We are doing our best, we prepare strategies to help our kids manage the store outing, and then one of the kids loses it.  I watched it happen today.

It wasn’t her fault.  She was checking out of the store while her little girls still had it all together.  But the cashier was in training, moving terribly slowly and finally giving Mom the wrong change.

The rest of us in line were losing our patience, and so were those little ones.

Spontaneous combustion!  The girls began taunting each other, pulling on Mom’s leg, and Mom began to quietly lose her cool.

I looked for the opportunity to give her a smile.  I wanted her to know it is okay.

The problem for young moms is this, they all know everyone is watching-and judging-when their kids fall apart.  Do we really think we are helping her when we glare?

You know the feeling; your face becomes hot with embarrassment.  The more you try to control your kids in front of everyone, the worse it gets.

Sometimes we witness parents losing their cool because they are reacting to the pressure they perceive from others when the kids are falling apart.

Sister, what if we gave each other a break?  What if we graciously considered this mom really is doing the best she can?

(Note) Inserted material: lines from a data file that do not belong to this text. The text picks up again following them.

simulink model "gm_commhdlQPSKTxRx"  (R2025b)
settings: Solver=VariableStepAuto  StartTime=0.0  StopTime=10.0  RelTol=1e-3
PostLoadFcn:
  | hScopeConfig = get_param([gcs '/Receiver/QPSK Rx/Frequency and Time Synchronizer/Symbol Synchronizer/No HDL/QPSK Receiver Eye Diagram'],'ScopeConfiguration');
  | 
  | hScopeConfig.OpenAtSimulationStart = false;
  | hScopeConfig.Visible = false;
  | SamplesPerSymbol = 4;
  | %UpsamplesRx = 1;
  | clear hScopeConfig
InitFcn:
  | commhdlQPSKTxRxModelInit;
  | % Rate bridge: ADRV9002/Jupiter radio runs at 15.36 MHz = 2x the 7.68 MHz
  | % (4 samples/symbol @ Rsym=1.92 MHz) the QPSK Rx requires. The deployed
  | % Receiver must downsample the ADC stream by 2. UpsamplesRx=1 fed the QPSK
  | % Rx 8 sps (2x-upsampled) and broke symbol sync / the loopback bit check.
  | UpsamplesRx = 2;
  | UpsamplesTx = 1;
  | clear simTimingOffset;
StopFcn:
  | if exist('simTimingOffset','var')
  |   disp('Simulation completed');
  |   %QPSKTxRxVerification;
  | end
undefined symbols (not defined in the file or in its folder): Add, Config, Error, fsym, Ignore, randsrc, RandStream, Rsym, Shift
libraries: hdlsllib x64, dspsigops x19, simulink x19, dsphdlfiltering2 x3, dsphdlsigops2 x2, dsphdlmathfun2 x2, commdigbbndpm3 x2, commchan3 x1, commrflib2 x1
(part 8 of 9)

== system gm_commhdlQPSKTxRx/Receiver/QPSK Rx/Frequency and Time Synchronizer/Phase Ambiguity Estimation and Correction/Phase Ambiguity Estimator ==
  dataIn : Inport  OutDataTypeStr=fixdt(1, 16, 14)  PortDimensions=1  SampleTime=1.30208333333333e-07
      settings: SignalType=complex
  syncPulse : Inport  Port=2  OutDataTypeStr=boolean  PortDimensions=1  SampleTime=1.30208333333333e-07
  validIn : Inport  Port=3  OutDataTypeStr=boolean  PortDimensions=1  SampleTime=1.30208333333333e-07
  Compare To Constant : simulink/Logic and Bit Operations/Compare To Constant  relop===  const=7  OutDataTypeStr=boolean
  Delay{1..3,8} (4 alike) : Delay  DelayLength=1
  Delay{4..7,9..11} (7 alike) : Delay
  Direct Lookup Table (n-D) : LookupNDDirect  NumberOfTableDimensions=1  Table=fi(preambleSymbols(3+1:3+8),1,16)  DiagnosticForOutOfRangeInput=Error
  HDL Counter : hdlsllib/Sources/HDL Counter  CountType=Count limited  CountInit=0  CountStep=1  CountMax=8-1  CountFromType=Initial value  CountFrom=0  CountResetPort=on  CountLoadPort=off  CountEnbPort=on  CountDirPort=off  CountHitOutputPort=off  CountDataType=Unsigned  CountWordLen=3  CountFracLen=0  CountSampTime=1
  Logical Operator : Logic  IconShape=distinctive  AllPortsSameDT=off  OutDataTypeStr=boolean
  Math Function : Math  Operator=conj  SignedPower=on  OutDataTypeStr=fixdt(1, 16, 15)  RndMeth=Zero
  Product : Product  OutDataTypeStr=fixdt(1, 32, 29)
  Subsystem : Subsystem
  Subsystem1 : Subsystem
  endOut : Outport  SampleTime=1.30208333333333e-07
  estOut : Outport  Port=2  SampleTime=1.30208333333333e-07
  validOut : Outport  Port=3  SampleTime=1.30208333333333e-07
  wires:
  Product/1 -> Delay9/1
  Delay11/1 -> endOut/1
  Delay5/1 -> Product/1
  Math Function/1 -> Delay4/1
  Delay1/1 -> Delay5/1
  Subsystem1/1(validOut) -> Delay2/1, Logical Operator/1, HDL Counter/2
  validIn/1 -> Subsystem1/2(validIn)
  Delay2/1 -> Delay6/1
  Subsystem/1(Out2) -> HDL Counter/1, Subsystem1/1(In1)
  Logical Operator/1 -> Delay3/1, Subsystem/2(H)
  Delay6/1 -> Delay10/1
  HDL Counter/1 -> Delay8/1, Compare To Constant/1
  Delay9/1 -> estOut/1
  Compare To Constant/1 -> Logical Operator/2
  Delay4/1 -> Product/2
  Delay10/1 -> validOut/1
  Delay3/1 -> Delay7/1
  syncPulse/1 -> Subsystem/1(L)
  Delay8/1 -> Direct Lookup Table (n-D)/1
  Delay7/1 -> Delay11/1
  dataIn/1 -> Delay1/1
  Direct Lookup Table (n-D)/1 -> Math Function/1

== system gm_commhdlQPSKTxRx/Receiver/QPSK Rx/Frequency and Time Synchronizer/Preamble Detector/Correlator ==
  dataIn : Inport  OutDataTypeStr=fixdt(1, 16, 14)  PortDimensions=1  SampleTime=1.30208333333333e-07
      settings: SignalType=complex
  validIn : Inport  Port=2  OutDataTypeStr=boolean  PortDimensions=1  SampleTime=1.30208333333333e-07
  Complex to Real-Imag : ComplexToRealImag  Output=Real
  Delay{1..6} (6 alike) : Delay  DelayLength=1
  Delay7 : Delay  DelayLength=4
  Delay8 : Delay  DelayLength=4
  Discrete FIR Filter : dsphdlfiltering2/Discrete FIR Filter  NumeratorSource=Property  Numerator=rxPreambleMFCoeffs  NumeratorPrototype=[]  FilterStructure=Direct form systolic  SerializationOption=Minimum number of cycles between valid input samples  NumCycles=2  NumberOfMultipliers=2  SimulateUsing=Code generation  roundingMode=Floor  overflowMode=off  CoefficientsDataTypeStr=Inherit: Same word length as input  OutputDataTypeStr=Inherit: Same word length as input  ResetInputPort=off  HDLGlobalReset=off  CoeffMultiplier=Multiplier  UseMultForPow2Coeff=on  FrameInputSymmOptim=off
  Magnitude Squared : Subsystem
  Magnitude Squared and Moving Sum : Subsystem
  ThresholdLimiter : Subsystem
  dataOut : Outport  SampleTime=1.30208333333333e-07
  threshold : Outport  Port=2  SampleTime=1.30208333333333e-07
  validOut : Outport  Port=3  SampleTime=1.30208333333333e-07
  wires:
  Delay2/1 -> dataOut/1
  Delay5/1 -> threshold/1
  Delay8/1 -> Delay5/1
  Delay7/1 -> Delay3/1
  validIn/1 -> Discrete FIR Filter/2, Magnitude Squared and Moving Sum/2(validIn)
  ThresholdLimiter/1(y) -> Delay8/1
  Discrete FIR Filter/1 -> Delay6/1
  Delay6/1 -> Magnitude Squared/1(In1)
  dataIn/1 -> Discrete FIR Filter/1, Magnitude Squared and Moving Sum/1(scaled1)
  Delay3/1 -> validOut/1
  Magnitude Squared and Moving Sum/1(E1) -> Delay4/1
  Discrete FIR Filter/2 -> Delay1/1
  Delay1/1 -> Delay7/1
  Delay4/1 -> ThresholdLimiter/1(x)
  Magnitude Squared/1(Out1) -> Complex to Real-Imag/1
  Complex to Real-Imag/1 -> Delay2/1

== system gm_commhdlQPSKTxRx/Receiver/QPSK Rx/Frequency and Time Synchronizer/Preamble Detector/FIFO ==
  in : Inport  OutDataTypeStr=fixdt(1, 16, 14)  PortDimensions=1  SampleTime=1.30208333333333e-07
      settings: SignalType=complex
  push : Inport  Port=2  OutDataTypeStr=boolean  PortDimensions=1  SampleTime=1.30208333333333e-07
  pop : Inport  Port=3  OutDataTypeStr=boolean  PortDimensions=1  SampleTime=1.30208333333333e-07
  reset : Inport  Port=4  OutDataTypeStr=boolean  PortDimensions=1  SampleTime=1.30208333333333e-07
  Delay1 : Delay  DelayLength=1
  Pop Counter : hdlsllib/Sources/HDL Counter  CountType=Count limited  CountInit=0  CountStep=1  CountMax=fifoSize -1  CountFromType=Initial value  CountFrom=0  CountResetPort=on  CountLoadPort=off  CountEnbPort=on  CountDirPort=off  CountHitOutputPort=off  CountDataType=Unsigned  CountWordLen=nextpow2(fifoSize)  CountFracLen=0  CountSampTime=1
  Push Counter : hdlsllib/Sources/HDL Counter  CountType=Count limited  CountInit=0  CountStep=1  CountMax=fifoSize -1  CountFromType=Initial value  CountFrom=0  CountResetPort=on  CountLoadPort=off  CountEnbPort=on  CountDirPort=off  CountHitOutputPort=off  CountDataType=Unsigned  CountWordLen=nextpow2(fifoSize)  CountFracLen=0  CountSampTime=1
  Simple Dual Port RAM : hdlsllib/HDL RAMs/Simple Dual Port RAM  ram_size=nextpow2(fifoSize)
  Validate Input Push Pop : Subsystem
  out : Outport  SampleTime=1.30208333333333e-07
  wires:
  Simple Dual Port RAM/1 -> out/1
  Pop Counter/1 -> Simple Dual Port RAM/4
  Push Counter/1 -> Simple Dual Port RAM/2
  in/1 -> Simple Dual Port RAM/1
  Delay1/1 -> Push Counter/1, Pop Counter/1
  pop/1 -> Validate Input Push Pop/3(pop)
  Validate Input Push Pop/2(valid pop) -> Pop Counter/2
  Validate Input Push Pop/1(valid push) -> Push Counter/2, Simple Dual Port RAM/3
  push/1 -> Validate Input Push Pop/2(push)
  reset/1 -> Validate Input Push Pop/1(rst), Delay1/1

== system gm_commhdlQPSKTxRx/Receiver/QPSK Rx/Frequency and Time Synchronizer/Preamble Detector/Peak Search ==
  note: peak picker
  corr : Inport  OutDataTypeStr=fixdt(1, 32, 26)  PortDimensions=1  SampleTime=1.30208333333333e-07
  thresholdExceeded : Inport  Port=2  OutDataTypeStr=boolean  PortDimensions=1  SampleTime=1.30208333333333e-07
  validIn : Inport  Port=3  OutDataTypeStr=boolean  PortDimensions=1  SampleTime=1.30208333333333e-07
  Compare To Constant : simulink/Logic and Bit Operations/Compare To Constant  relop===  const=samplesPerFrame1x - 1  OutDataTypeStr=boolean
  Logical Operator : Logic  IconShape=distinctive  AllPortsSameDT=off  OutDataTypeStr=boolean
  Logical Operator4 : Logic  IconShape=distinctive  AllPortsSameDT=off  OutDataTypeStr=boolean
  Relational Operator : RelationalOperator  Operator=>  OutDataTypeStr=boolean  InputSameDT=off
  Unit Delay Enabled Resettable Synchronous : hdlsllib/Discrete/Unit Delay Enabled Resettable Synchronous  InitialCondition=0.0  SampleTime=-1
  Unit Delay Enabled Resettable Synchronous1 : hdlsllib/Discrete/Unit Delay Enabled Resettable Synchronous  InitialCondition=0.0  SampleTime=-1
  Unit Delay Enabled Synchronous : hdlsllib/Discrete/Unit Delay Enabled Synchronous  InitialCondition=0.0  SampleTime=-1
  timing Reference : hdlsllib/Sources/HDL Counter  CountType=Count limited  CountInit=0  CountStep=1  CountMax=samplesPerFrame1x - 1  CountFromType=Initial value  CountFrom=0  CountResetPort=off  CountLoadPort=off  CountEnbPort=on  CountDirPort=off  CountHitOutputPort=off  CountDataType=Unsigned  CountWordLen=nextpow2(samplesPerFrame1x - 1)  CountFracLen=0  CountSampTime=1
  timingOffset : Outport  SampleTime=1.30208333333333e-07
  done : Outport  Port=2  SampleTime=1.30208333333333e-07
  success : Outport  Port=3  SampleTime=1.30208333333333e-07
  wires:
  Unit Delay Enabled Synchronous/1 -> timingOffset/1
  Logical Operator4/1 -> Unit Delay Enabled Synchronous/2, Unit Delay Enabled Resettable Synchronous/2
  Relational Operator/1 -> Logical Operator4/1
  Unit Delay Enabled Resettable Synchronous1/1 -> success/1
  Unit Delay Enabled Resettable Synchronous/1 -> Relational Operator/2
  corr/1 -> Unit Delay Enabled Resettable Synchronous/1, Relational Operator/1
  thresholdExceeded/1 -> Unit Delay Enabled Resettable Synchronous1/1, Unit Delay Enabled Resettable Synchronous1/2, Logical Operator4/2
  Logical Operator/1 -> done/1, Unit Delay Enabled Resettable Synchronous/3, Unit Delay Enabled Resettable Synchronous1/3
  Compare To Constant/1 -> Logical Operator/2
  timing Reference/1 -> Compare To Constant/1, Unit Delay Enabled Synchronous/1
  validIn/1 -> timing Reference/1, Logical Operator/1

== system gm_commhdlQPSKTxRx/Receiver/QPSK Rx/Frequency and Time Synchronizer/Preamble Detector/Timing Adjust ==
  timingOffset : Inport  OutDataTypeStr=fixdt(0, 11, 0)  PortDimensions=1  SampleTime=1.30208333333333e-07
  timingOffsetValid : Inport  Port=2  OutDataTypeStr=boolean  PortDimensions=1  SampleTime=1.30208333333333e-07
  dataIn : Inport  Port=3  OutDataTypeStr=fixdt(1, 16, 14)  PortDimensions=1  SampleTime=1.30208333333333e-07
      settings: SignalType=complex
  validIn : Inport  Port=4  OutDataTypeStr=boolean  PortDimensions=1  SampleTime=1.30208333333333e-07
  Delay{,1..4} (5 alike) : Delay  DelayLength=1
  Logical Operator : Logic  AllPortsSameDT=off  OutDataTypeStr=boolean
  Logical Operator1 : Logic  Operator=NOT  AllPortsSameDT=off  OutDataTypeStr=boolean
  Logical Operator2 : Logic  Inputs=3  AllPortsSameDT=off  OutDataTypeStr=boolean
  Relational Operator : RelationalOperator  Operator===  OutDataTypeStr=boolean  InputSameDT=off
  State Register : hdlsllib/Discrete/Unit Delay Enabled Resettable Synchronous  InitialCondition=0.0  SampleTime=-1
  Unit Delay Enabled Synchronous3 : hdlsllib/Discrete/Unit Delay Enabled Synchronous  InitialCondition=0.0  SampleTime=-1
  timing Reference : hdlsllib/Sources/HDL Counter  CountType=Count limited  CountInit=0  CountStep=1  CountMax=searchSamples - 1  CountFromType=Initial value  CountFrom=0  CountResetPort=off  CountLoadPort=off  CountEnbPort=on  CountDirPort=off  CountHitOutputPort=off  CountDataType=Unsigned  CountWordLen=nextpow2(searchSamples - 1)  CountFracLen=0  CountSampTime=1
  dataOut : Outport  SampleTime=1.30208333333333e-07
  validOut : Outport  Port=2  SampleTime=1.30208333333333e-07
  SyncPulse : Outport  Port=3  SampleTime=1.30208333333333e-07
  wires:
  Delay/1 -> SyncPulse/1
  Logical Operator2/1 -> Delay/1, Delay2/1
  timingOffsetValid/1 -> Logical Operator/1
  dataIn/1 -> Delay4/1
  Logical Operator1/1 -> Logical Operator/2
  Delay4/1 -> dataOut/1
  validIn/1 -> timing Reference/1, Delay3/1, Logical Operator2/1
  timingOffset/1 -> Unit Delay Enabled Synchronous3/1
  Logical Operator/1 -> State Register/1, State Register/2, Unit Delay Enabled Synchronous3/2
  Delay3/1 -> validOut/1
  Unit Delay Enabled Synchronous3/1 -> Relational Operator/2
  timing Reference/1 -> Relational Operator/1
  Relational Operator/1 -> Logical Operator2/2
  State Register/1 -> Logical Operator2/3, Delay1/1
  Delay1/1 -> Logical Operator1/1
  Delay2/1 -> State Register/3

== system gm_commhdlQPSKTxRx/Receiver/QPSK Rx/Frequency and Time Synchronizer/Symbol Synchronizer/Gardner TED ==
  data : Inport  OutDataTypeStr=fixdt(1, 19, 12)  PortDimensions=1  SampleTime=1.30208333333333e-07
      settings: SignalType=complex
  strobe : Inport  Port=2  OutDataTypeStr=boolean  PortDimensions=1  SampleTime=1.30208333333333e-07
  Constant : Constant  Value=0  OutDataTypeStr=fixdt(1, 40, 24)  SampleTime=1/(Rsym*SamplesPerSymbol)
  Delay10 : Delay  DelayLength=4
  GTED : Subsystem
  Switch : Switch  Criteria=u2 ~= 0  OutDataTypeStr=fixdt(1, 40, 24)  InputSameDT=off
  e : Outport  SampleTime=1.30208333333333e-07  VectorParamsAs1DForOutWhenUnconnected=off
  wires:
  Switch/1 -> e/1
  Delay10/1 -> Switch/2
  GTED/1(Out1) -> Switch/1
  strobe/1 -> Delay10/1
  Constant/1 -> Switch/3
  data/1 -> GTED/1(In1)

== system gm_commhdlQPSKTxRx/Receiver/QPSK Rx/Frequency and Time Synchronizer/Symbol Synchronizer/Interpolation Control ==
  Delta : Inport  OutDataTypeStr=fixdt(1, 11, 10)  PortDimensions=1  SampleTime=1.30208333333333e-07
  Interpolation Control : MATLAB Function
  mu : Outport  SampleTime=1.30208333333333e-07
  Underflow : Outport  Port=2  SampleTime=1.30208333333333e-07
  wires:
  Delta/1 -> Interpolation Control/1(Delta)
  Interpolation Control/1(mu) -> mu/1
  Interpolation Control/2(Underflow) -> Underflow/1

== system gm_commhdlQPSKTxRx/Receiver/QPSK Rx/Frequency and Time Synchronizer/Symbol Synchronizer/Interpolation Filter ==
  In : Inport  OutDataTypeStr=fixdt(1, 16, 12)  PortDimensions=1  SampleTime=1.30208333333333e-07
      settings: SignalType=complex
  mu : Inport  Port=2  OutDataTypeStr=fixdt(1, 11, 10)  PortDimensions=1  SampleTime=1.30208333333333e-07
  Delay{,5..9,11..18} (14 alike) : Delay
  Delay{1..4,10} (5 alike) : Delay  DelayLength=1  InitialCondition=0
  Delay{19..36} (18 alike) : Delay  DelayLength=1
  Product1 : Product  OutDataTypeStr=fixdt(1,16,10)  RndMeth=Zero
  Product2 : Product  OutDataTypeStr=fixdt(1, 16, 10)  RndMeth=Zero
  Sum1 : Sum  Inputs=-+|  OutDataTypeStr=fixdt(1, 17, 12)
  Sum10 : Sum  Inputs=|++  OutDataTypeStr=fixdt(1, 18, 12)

What if we considered the unknown situations that have factored into this mommy drama?

For instance, her child has an ear infection and won’t stop crying, but she needs to get to the store for milk and necessities.  Most of us have been there and could have used some support ourselves.

Just as the mom began to feel the stress of moving out of my way in line, I reached out to pat her back.  I said, “You are doing fine.  Don’t worry about me.”

She gave me a sigh and a little smile.

I hope one more Mom can shut out the noise of the disapproving crowd.

Walk tall my sister.  Keep trying your best at this mothering thing.